**INSTRUCTIONS TO FOLLOW:**
Find every line below where the string "both" shows up, and copy those lines.

Content starts

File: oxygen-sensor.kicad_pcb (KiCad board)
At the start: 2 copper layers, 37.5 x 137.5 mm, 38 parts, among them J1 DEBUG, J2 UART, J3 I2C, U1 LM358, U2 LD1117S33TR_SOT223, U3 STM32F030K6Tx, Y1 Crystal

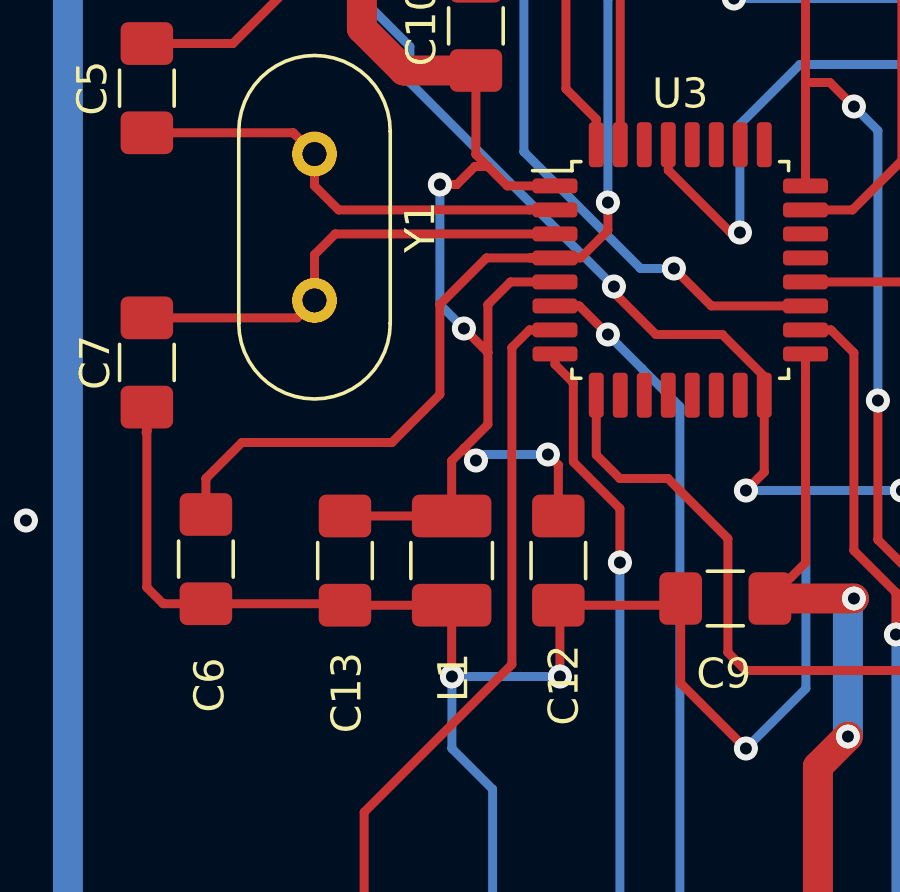
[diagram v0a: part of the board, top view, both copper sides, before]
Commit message: Fix short-circuit error
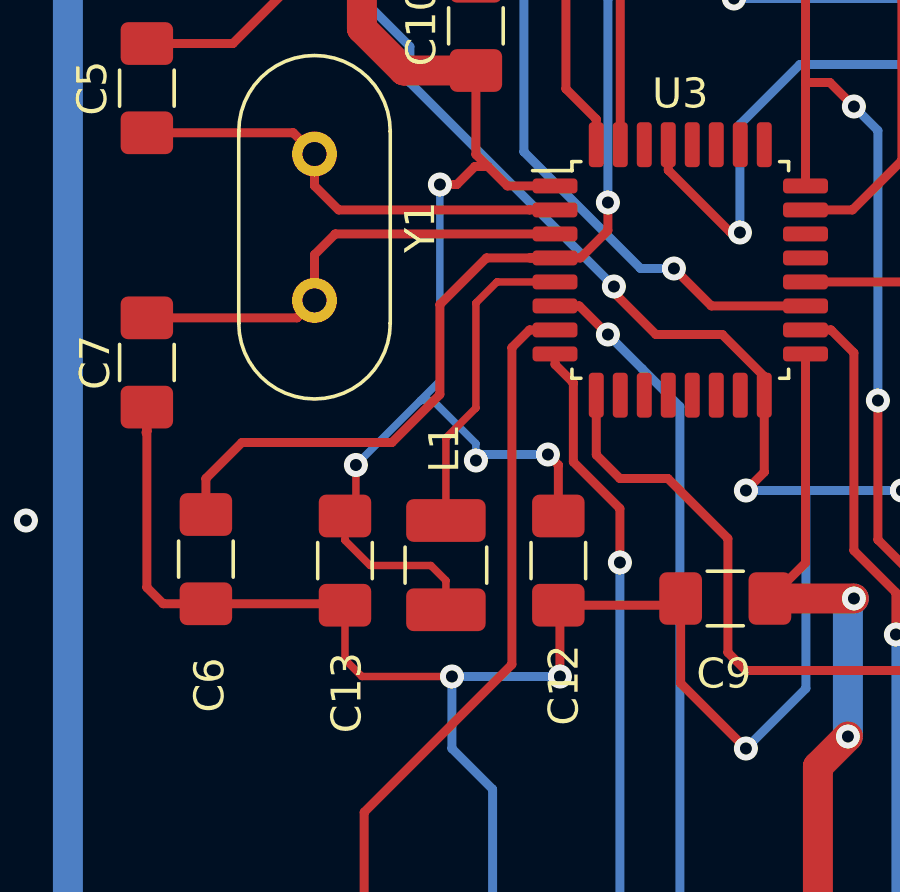
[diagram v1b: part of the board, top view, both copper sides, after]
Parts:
- moved L1 0.24 mm to (63.0, 74.5), turned to 270 degrees
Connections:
- L1 pad 1: GND -> Net-(L1-Pad1)
- U3 pad 5: +3V3 -> Net-(L1-Pad1)
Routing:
- net Net-(L1-Pad1): track 0.00 -> 10.6 mm
- net +3V3: track 302.4 -> 303.0 mm
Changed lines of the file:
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@@
     (thickness 1.6)
     (drawings 24)
-    (tracks 446)
+    (tracks 453)
     (zones 0)
     (modules 38)
-    (nets 37)
+    (nets 38)
   )
   (page A4)
@@
   (net 35 "Net-(U3-Pad28)")
   (net 36 "Net-(U3-Pad30)")
+  (net 37 "Net-(L1-Pad1)")
   (net_class Default "This is the default net class."
     (clearance 0.2)
@@
     (add_net "Net-(J3-Pad2)")
     (add_net "Net-(J3-Pad3)")
+    (add_net "Net-(L1-Pad1)")
     (add_net "Net-(R1-Pad1)")
     (add_net "Net-(R10-Pad1)")
@@
   )
   (module Inductor_SMD:L_1210_3225Metric_Pad1.42x2.65mm_HandSolder (layer F.Cu)
-    (at 63.192 74.3365 90)
+    (at 63 74.4875 270)
     (descr "Capacitor SMD 1210 (3225 Metric), square (rectangular) end terminal, IPC_7351 nominal with elongated pad for handsoldering. (Body size source: http://www.tortai-tech.com/upload/download/2011102023233369053.pdf), generated with kicad-footprint-generator")
     (tags "inductor handsolder")
     (attr smd)
-    (fp_text reference L1 (at -3.8955 0.054 90) (layer F.SilkS)
-      (effects (font (size 1 1) (thickness 0.15)))
-    )
-    (fp_text value 22uH (at 0 2.28 90) (layer F.Fab)
+    (fp_text reference L1 (at -3.8955 0.054 270) (layer F.SilkS)
+      (effects (font (size 1 1) (thickness 0.15)))
+    )
+    (fp_text value 22uH (at 0 2.28 270) (layer F.Fab)
       (effects (font (size 1 1) (thickness 0.15)))
     )
@@
     (fp_line (start 2.45 -1.58) (end 2.45 1.58) (layer F.CrtYd) (width 0.05))
     (fp_line (start 2.45 1.58) (end -2.45 1.58) (layer F.CrtYd) (width 0.05))
-    (fp_text user %R (at 0 0 90) (layer F.Fab)
+    (fp_text user %R (at 0 0 270) (layer F.Fab)
       (effects (font (size 0.8 0.8) (thickness 0.12)))
     )
-    (pad 1 smd roundrect (at -1.4875 0 90) (size 1.425 2.65) (layers F.Cu F.Paste F.Mask) (roundrect_rratio 0.175439)
-      (net 1 GND))
-    (pad 2 smd roundrect (at 1.4875 0 90) (size 1.425 2.65) (layers F.Cu F.Paste F.Mask) (roundrect_rratio 0.175439)
+    (pad 1 smd roundrect (at -1.4875 0 270) (size 1.425 2.65) (layers F.Cu F.Paste F.Mask) (roundrect_rratio 0.175439)
+      (net 37 "Net-(L1-Pad1)"))
+    (pad 2 smd roundrect (at 1.4875 0 270) (size 1.425 2.65) (layers F.Cu F.Paste F.Mask) (roundrect_rratio 0.175439)
       (net 8 +3V3))
     (model ${KISYS3DMOD}/Inductor_SMD.3dshapes/L_1210_3225Metric.wrl
@@
       (net 14 /NRST))
     (pad 5 smd roundrect (at -4.175 0.4) (size 1.5 0.5) (layers F.Cu F.Paste F.Mask) (roundrect_rratio 0.25)
-      (net 8 +3V3))
+      (net 37 "Net-(L1-Pad1)"))
     (pad 6 smd roundrect (at -4.175 1.2) (size 1.5 0.5) (layers F.Cu F.Paste F.Mask) (roundrect_rratio 0.25)
       (net 9 /OUT1))
@@
   (segment (start 59.587 75.775) (end 59.636 75.824) (width 0.3) (layer F.Cu) (net 1))
   (segment (start 55 75.775) (end 59.587 75.775) (width 0.3) (layer F.Cu) (net 1))
-  (segment (start 59.636 75.824) (end 63.192 75.824) (width 0.3) (layer F.Cu) (net 1))
   (segment (start 70.601 75.824) (end 70.825 75.6) (width 0.3) (layer F.Cu) (net 1))
   (segment (start 66.748 75.824) (end 70.601 75.824) (width 0.3) (layer F.Cu) (net 1))
-  (segment (start 63.192 75.824) (end 63.192 78.192) (width 0.3) (layer F.Cu) (net 1))
   (via (at 63.2 78.2) (size 0.8) (drill 0.4) (layers F.Cu B.Cu) (net 1))
   (segment (start 63.192 78.192) (end 63.2 78.2) (width 0.3) (layer F.Cu) (net 1))
@@
   (via (at 83 57) (size 0.8) (drill 0.4) (layers F.Cu B.Cu) (net 1))
   (via (at 63 86) (size 0.8) (drill 0.4) (layers F.Cu B.Cu) (net 1))
+  (segment (start 59.636 75.824) (end 59.636 77.636) (width 0.25) (layer F.Cu) (net 1))
+  (segment (start 60.2 78.2) (end 63.2 78.2) (width 0.25) (layer F.Cu) (net 1))
+  (segment (start 59.636 77.636) (end 60.2 78.2) (width 0.25) (layer F.Cu) (net 1))
   (segment (start 57.6 151.6) (end 62.4 151.6) (width 0.3) (layer F.Cu) (net 2))
   (segment (start 57.175 124.2) (end 57.2 124.225) (width 0.3) (layer F.Cu) (net 3))
@@
   (segment (start 78.375 135.425) (end 72.4 135.425) (width 0.3) (layer F.Cu) (net 7))
   (segment (start 81.4 132.4) (end 78.375 135.425) (width 0.3) (layer F.Cu) (net 7))
-  (segment (start 66.637 65.048) (end 65.152 65.048) (width 0.3) (layer F.Cu) (net 8))
-  (segment (start 65.152 65.048) (end 64.4 65.8) (width 0.3) (layer F.Cu) (net 8))
-  (segment (start 63.192 71.008) (end 63.192 72.849) (width 0.3) (layer F.Cu) (net 8))
   (segment (start 64 58) (end 64 60.8) (width 0.3) (layer F.Cu) (net 8))
   (segment (start 65.048 61.848) (end 66.637 61.848) (width 0.3) (layer F.Cu) (net 8))
@@
   (via (at 64 71) (size 0.8) (drill 0.4) (layers F.Cu B.Cu) (net 8))
   (segment (start 64.2 70.8) (end 64 71) (width 0.3) (layer B.Cu) (net 8))
-  (segment (start 64 71) (end 63.6 70.6) (width 0.3) (layer F.Cu) (net 8))
-  (segment (start 64.4 69.8) (end 63.6 70.6) (width 0.3) (layer F.Cu) (net 8))
-  (segment (start 63.6 70.6) (end 63.192 71.008) (width 0.3) (layer F.Cu) (net 8))
-  (segment (start 59.636 72.849) (end 63.192 72.849) (width 0.3) (layer F.Cu) (net 8))
   (segment (start 64.425 100.8) (end 64.425 112.225) (width 0.3) (layer F.Cu) (net 8))
   (segment (start 65.4 113.2) (end 67 113.2) (width 0.3) (layer F.Cu) (net 8))
@@
   (segment (start 63.765685 130.6) (end 63.2 130.6) (width 1) (layer B.Cu) (net 8))
   (segment (start 63.2 130.6) (end 58.6 130.6) (width 1) (layer B.Cu) (net 8))
-  (segment (start 64.4 67.4) (end 63.6 66.6) (width 0.3) (layer F.Cu) (net 8))
-  (via (at 63.6 66.6) (size 0.8) (drill 0.4) (layers F.Cu B.Cu) (net 8))
-  (segment (start 64.4 67.4) (end 64.4 69.8) (width 0.3) (layer F.Cu) (net 8))
-  (segment (start 64.4 65.8) (end 64.4 67.4) (width 0.3) (layer F.Cu) (net 8))
   (via (at 62.8 61.8) (size 0.8) (drill 0.4) (layers F.Cu B.Cu) (net 8))
-  (segment (start 63.6 66.6) (end 62.8 65.8) (width 0.3) (layer B.Cu) (net 8))
-  (segment (start 62.8 65.8) (end 62.8 61.8) (width 0.3) (layer B.Cu) (net 8))
   (segment (start 63.965685 61.2) (end 64.4 61.2) (width 0.3) (layer F.Cu) (net 8))
   (segment (start 62.8 61.8) (end 63.365685 61.8) (width 0.3) (layer F.Cu) (net 8))
@@
   (segment (start 64 60.8) (end 64.4 61.2) (width 0.3) (layer F.Cu) (net 8))
   (segment (start 64.4 61.2) (end 65.048 61.848) (width 0.3) (layer F.Cu) (net 8))
+  (via (at 60 71.15) (size 0.8) (drill 0.4) (layers F.Cu B.Cu) (net 8))
+  (segment (start 62.8 61.8) (end 62.8 68.35) (width 0.25) (layer B.Cu) (net 8))
+  (segment (start 60 72.485) (end 59.636 72.849) (width 0.25) (layer F.Cu) (net 8))
+  (segment (start 60 71.15) (end 60 72.485) (width 0.25) (layer F.Cu) (net 8))
+  (segment (start 59.636 73.6615) (end 60.4745 74.5) (width 0.25) (layer F.Cu) (net 8))
+  (segment (start 59.636 72.849) (end 59.636 73.6615) (width 0.25) (layer F.Cu) (net 8))
+  (segment (start 60.4745 74.5) (end 62.5 74.5) (width 0.25) (layer F.Cu) (net 8))
+  (segment (start 63 75) (end 63 75.975) (width 0.25) (layer F.Cu) (net 8))
+  (segment (start 62.5 74.5) (end 63 75) (width 0.25) (layer F.Cu) (net 8))
+  (segment (start 64 70.434315) (end 62.565685 69) (width 0.25) (layer B.Cu) (net 8))
+  (segment (start 64 71) (end 64 70.434315) (width 0.25) (layer B.Cu) (net 8))
+  (segment (start 62.565685 69) (end 62.15 69) (width 0.25) (layer B.Cu) (net 8))
+  (segment (start 62.15 69) (end 60 71.15) (width 0.25) (layer B.Cu) (net 8))
+  (segment (start 62.8 68.35) (end 62.15 69) (width 0.25) (layer B.Cu) (net 8))
   (segment (start 52.6 138.8) (end 56.4 138.8) (width 0.3) (layer F.Cu) (net 9))
   (segment (start 57.075 139.475) (end 63.495 139.475) (width 0.3) (layer F.Cu) (net 9))
@@
   (segment (start 68.812 54.52) (end 68.78 54.488) (width 0.3) (layer F.Cu) (net 23))
   (segment (start 68.812 60.473) (end 68.812 54.52) (width 0.3) (layer F.Cu) (net 23))
+  (segment (start 63 73) (end 63 70.25) (width 0.25) (layer F.Cu) (net 37))
+  (segment (start 63 70.25) (end 64 69.25) (width 0.25) (layer F.Cu) (net 37))
+  (segment (start 64 69.25) (end 64 65.75) (width 0.25) (layer F.Cu) (net 37))
+  (segment (start 64.702 65.048) (end 66.637 65.048) (width 0.25) (layer F.Cu) (net 37))
+  (segment (start 64 65.75) (end 64.702 65.048) (width 0.25) (layer F.Cu) (net 37))
   (zone (net 1) (net_name GND) (layer F.Cu) (hatch edge 0.508)
     (connect_pads (clearance 0.508))

Content ends

**EXERCISE ANSWER:**
[diagram v0a: part of the board, top view, both copper sides, before]
[diagram v1b: part of the board, top view, both copper sides, after]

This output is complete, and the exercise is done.